[Record extracts]
----

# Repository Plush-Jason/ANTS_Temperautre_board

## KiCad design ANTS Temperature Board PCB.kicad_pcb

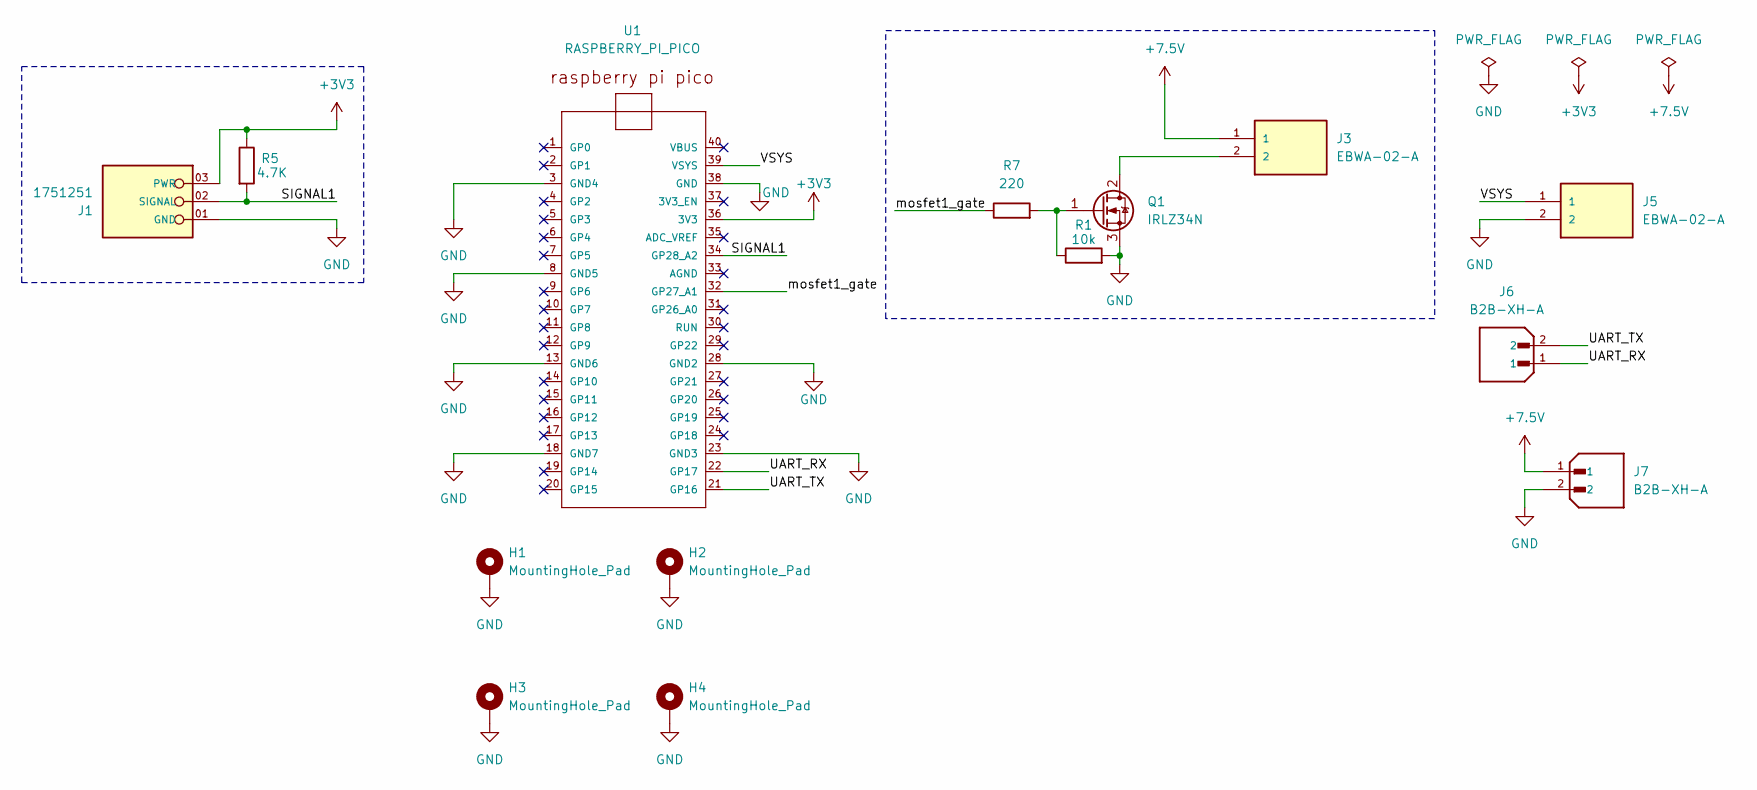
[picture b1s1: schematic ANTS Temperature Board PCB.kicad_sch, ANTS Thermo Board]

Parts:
H1, H2, H3, H4: MountingHole_Pad; MountingHole_2.7mm_M2.5_Pad_Via
J1: 1751251; PHOENIX_1751251; PARTREV 03.03.2021
J3, J5: EBWA-02-A; ADAMTECH_EBWA-02-A; PARTREV A
J6, J7: B2B-XH-A; JST_B2B-XH-A; PARTREV N/A
Q1: IRLZ34N; TO-220-3_Vertical
R1: 10k; R_Axial_DIN0204_L3.6mm_D1.6mm_P7.62mm_Horizontal
R5: 4.7K; R_Axial_DIN0204_L3.6mm_D1.6mm_P7.62mm_Horizontal
R7: 220; R_Axial_DIN0204_L3.6mm_D1.6mm_P7.62mm_Horizontal
U1: RASPBERRY_PI_PICO; RaspberryPi_Pico_Common_THT

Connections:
+3V3: J1.03 (PWR), R5.1, U1.36 (3V3)
+7.5V: J3.1, J7.1
/SIGNAL1: J1.02 (SIGNAL), R5.2, U1.34 (GP28_A2)
/UART_RX: J6.1, U1.22 (GP17)
/UART_TX: J6.2, U1.21 (GP16)
/VSYS: J5.1, U1.39 (VSYS)
/mosfet1_gate: R7.1, U1.32 (GP27_A1)
GND: H1.1 (1_1), H2.1 (1_1), H3.1 (1_1), H4.1 (1_1), J1.01 (GND), J5.2, J7.2, Q1.3 (S), R1.2, U1.3 (GND4), U1.8 (GND5), U1.13 (GND6), U1.18 (GND7), U1.23 (GND3), U1.28 (GND2), U1.38 (GND)
unnamed: J3.2, Q1.2 (D)
unnamed: Q1.1 (G), R1.1, R7.2

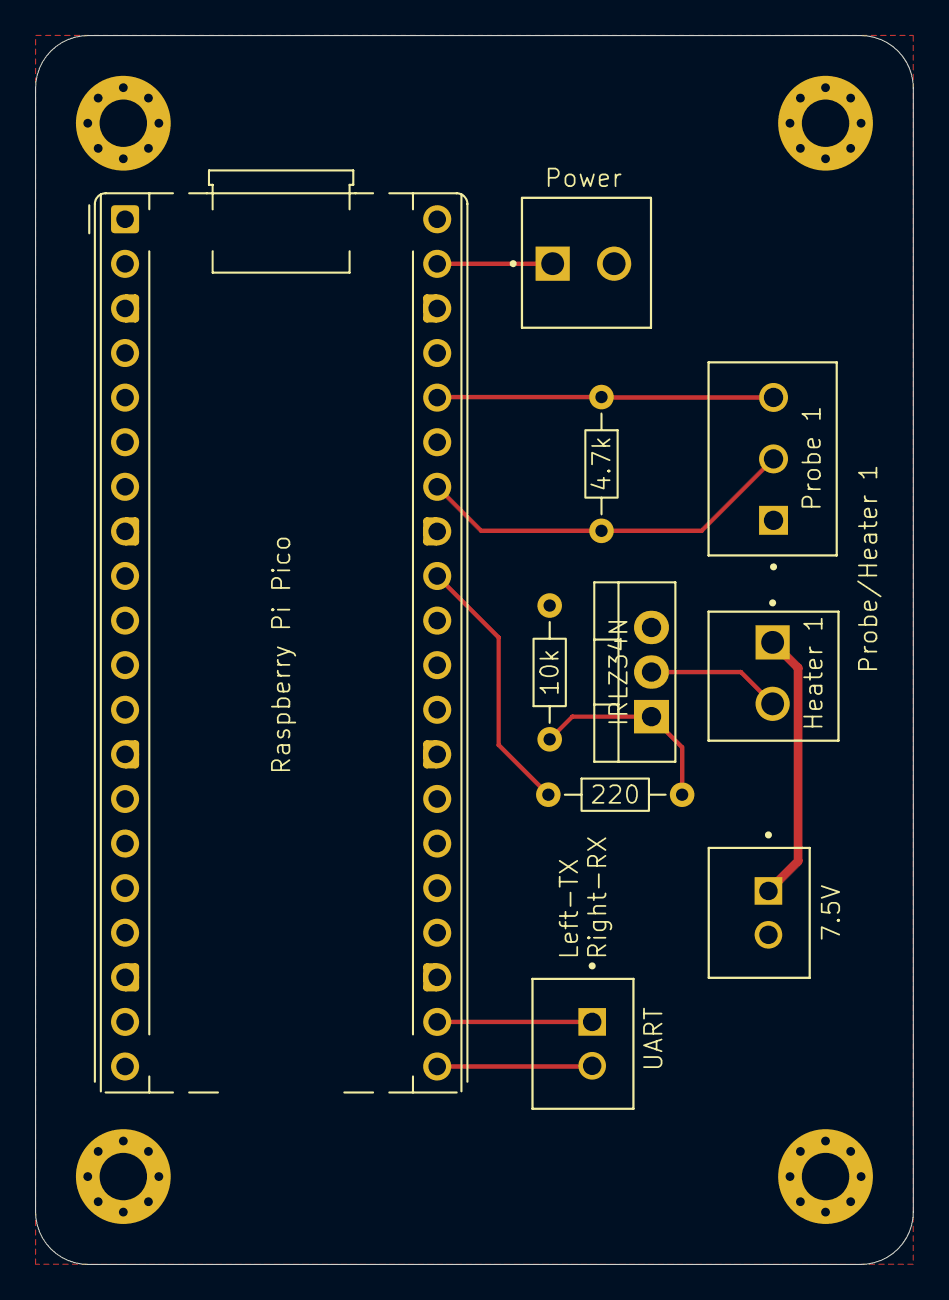
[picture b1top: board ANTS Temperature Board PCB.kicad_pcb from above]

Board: 2 copper layers, 50.0 x 70.0 mm, 14 parts (0 on the bottom side), 10 nets.

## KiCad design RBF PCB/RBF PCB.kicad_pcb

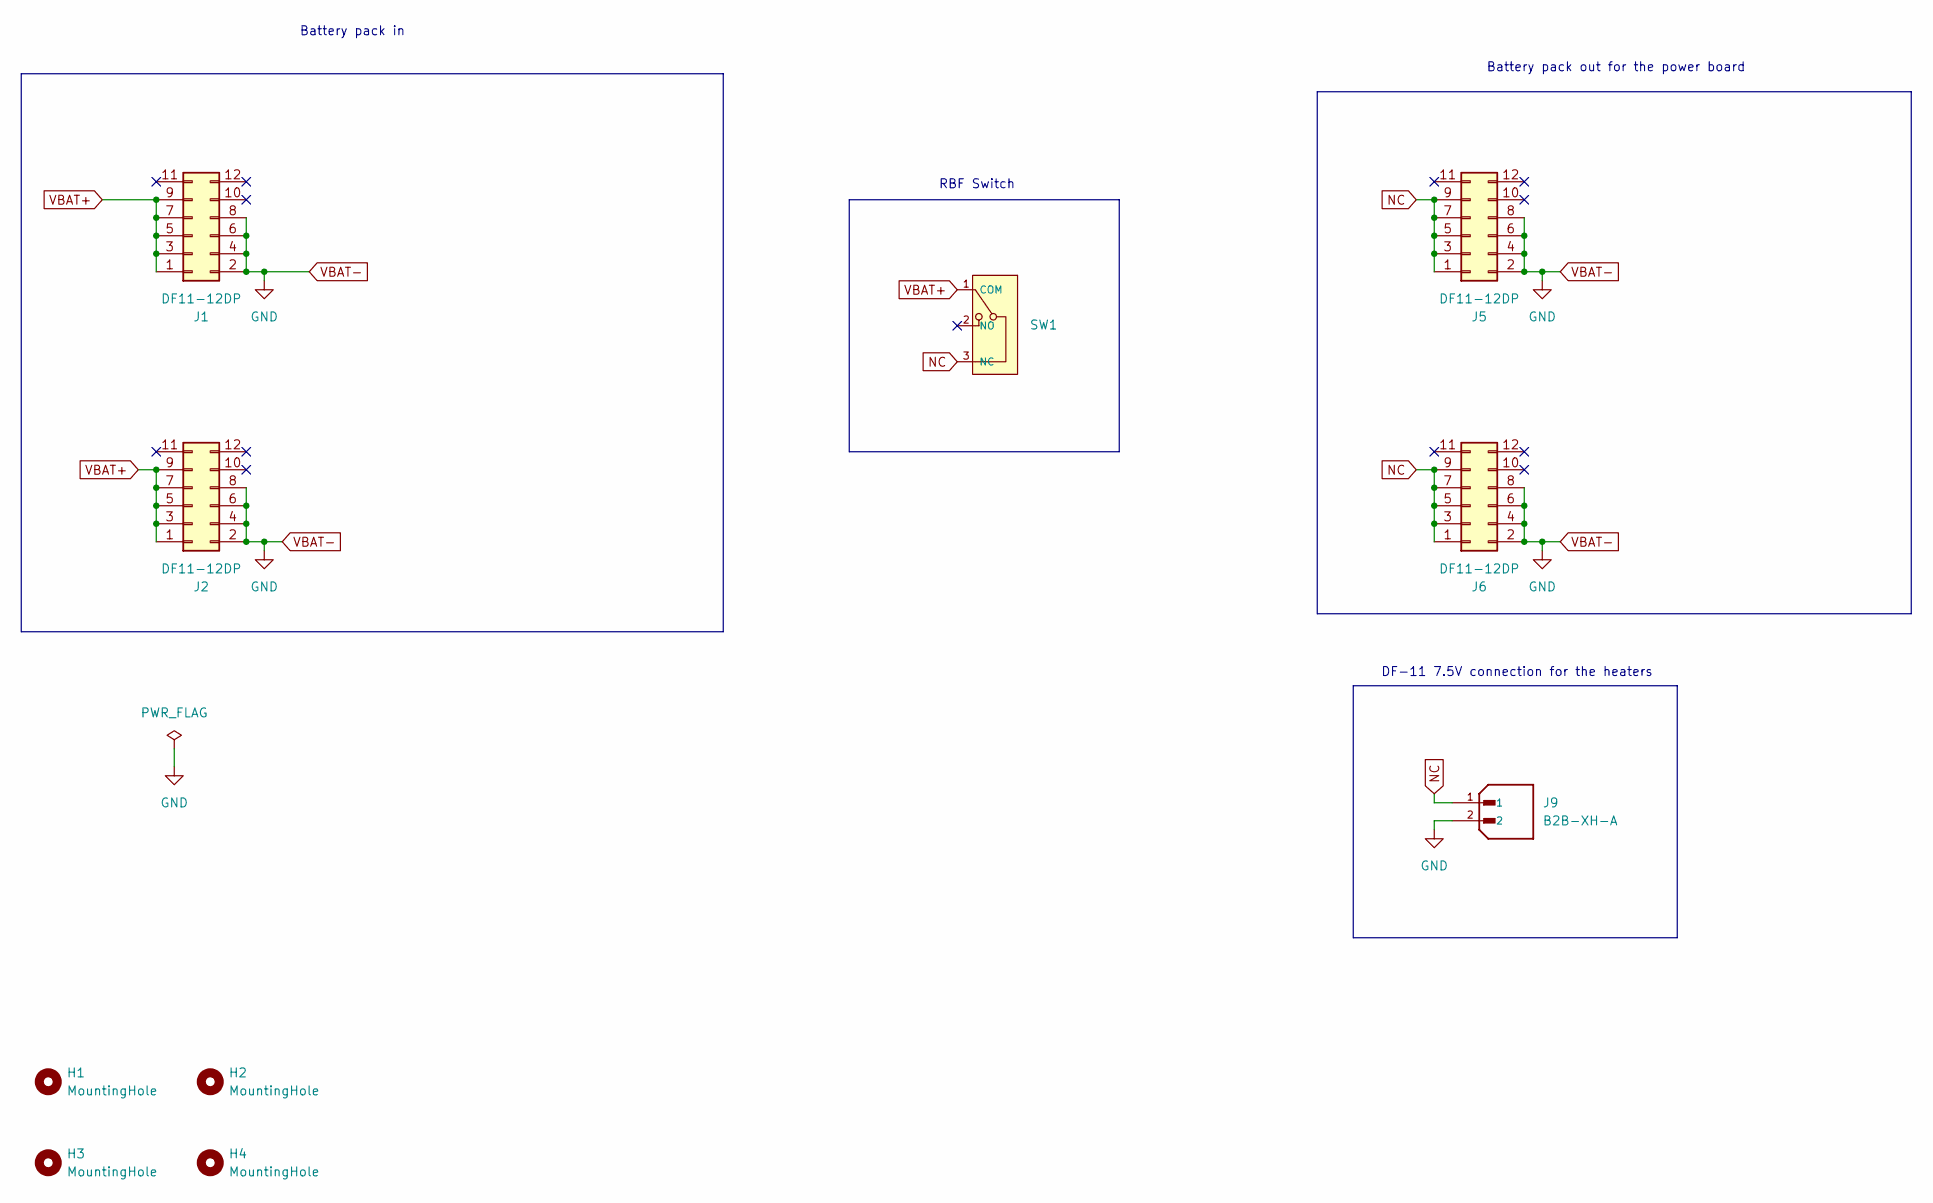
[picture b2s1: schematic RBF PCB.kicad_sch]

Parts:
H1, H2, H3, H4: MountingHole; MountingHole_3.2mm_M3_Pad_Via
J1, J2, J5, J6: DF11-12DP; Hirose_DF11-12DP-2DSA_2x06_P2.00mm_Vertical; LCSC C506658
J9: B2B-XH-A; JST_B2B-XH-A; PARTREV N/A
SW1: RBF Switch foot print

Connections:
NC: J5.1, J5.3, J5.5, J5.7, J5.9, J6.1, J6.3, J6.5, J6.7, J6.9, J9.1, SW1.3 (NC)
VBAT+: J1.1, J1.3, J1.5, J1.7, J1.9, J2.1, J2.3, J2.5, J2.7, J2.9, SW1.1 (COM)
VBAT-: J1.2, J1.4, J1.6, J1.8, J2.2, J2.4, J2.6, J2.8, J5.2, J5.4, J5.6, J5.8, J6.2, J6.4, J6.6, J6.8, J9.2

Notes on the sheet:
DF-11 7.5V connection for the heaters
Battery pack in
Battery pack out for the power board
RBF Switch

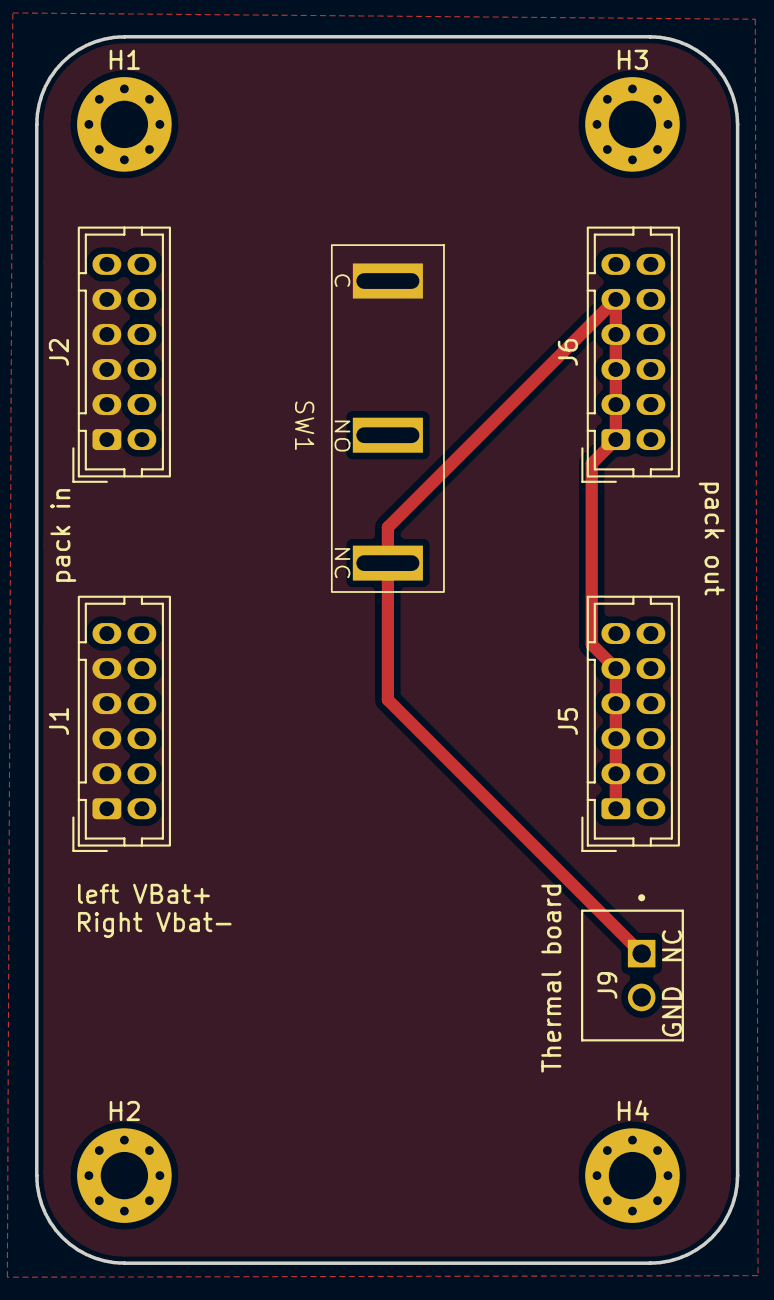
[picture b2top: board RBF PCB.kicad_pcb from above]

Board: 2 copper layers, 40.0 x 70.0 mm, 10 parts (0 on the bottom side), 3 nets.

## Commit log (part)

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2026-06-02 the beginning of JABOB's journey
    creation of the file

----

[Aim of the exercise]
Leave the pictures out and return the rest of the material exactly.

[Answer to the exercise]
# Repository Plush-Jason/ANTS_Temperautre_board

## KiCad design ANTS Temperature Board PCB.kicad_pcb

[picture b1s1: schematic ANTS Temperature Board PCB.kicad_sch, ANTS Thermo Board]

Parts:
H1, H2, H3, H4: MountingHole_Pad; MountingHole_2.7mm_M2.5_Pad_Via
J1: 1751251; PHOENIX_1751251; PARTREV 03.03.2021
J3, J5: EBWA-02-A; ADAMTECH_EBWA-02-A; PARTREV A
J6, J7: B2B-XH-A; JST_B2B-XH-A; PARTREV N/A
Q1: IRLZ34N; TO-220-3_Vertical
R1: 10k; R_Axial_DIN0204_L3.6mm_D1.6mm_P7.62mm_Horizontal
R5: 4.7K; R_Axial_DIN0204_L3.6mm_D1.6mm_P7.62mm_Horizontal
R7: 220; R_Axial_DIN0204_L3.6mm_D1.6mm_P7.62mm_Horizontal
U1: RASPBERRY_PI_PICO; RaspberryPi_Pico_Common_THT

Connections:
+3V3: J1.03 (PWR), R5.1, U1.36 (3V3)
+7.5V: J3.1, J7.1
/SIGNAL1: J1.02 (SIGNAL), R5.2, U1.34 (GP28_A2)
/UART_RX: J6.1, U1.22 (GP17)
/UART_TX: J6.2, U1.21 (GP16)
/VSYS: J5.1, U1.39 (VSYS)
/mosfet1_gate: R7.1, U1.32 (GP27_A1)
GND: H1.1 (1_1), H2.1 (1_1), H3.1 (1_1), H4.1 (1_1), J1.01 (GND), J5.2, J7.2, Q1.3 (S), R1.2, U1.3 (GND4), U1.8 (GND5), U1.13 (GND6), U1.18 (GND7), U1.23 (GND3), U1.28 (GND2), U1.38 (GND)
unnamed: J3.2, Q1.2 (D)
unnamed: Q1.1 (G), R1.1, R7.2

[picture b1top: board ANTS Temperature Board PCB.kicad_pcb from above]

Board: 2 copper layers, 50.0 x 70.0 mm, 14 parts (0 on the bottom side), 10 nets.

## KiCad design RBF PCB/RBF PCB.kicad_pcb

[picture b2s1: schematic RBF PCB.kicad_sch]

Parts:
H1, H2, H3, H4: MountingHole; MountingHole_3.2mm_M3_Pad_Via
J1, J2, J5, J6: DF11-12DP; Hirose_DF11-12DP-2DSA_2x06_P2.00mm_Vertical; LCSC C506658
J9: B2B-XH-A; JST_B2B-XH-A; PARTREV N/A
SW1: RBF Switch foot print

Connections:
NC: J5.1, J5.3, J5.5, J5.7, J5.9, J6.1, J6.3, J6.5, J6.7, J6.9, J9.1, SW1.3 (NC)
VBAT+: J1.1, J1.3, J1.5, J1.7, J1.9, J2.1, J2.3, J2.5, J2.7, J2.9, SW1.1 (COM)
VBAT-: J1.2, J1.4, J1.6, J1.8, J2.2, J2.4, J2.6, J2.8, J5.2, J5.4, J5.6, J5.8, J6.2, J6.4, J6.6, J6.8, J9.2

Notes on the sheet:
DF-11 7.5V connection for the heaters
Battery pack in
Battery pack out for the power board
RBF Switch

[picture b2top: board RBF PCB.kicad_pcb from above]

Board: 2 copper layers, 40.0 x 70.0 mm, 10 parts (0 on the bottom side), 3 nets.

## Commit log (part)

2026-06-02 the beginning of JABOB's journey
    creation of the file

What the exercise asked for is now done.